--- SUPPLIED DATA ---

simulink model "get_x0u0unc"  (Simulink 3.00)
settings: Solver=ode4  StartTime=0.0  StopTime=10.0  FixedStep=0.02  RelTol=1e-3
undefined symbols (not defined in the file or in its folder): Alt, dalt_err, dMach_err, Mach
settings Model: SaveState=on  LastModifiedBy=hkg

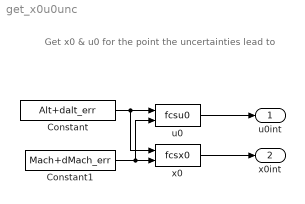
== system get_x0u0unc ==
  note: Get x0 & u0 for the point the
      | uncertainties lead to
  Constant : Constant  Value=Alt+dalt_err
  Constant1 : Constant  Value=Mach+dMach_err
  u0 : S-Function  FunctionName=fcsu0  PortCounts=[]  SFunctionModules=''
  x0 : S-Function  FunctionName=fcsx0  PortCounts=[]  SFunctionModules=''
  u0int : Outport  Port=1
  x0int : Outport  Port=2
  wires:
  x0/1 -> x0int/1
  Constant/1 -> u0/1, x0/1
  Constant1/1 -> x0/2, u0/2
  u0/1 -> u0int/1

---

* **WHAT NEEDS TO BE DONE**
Would you print all of the entries exactly, omitting any image?

* **RESPONSE TO THE TASK**
simulink model "get_x0u0unc"  (Simulink 3.00)
settings: Solver=ode4  StartTime=0.0  StopTime=10.0  FixedStep=0.02  RelTol=1e-3
undefined symbols (not defined in the file or in its folder): Alt, dalt_err, dMach_err, Mach
settings Model: SaveState=on  LastModifiedBy=hkg

== system get_x0u0unc ==
  note: Get x0 & u0 for the point the
      | uncertainties lead to
  Constant : Constant  Value=Alt+dalt_err
  Constant1 : Constant  Value=Mach+dMach_err
  u0 : S-Function  FunctionName=fcsu0  PortCounts=[]  SFunctionModules=''
  x0 : S-Function  FunctionName=fcsx0  PortCounts=[]  SFunctionModules=''
  u0int : Outport  Port=1
  x0int : Outport  Port=2
  wires:
  x0/1 -> x0int/1
  Constant/1 -> u0/1, x0/1
  Constant1/1 -> x0/2, u0/2
  u0/1 -> u0int/1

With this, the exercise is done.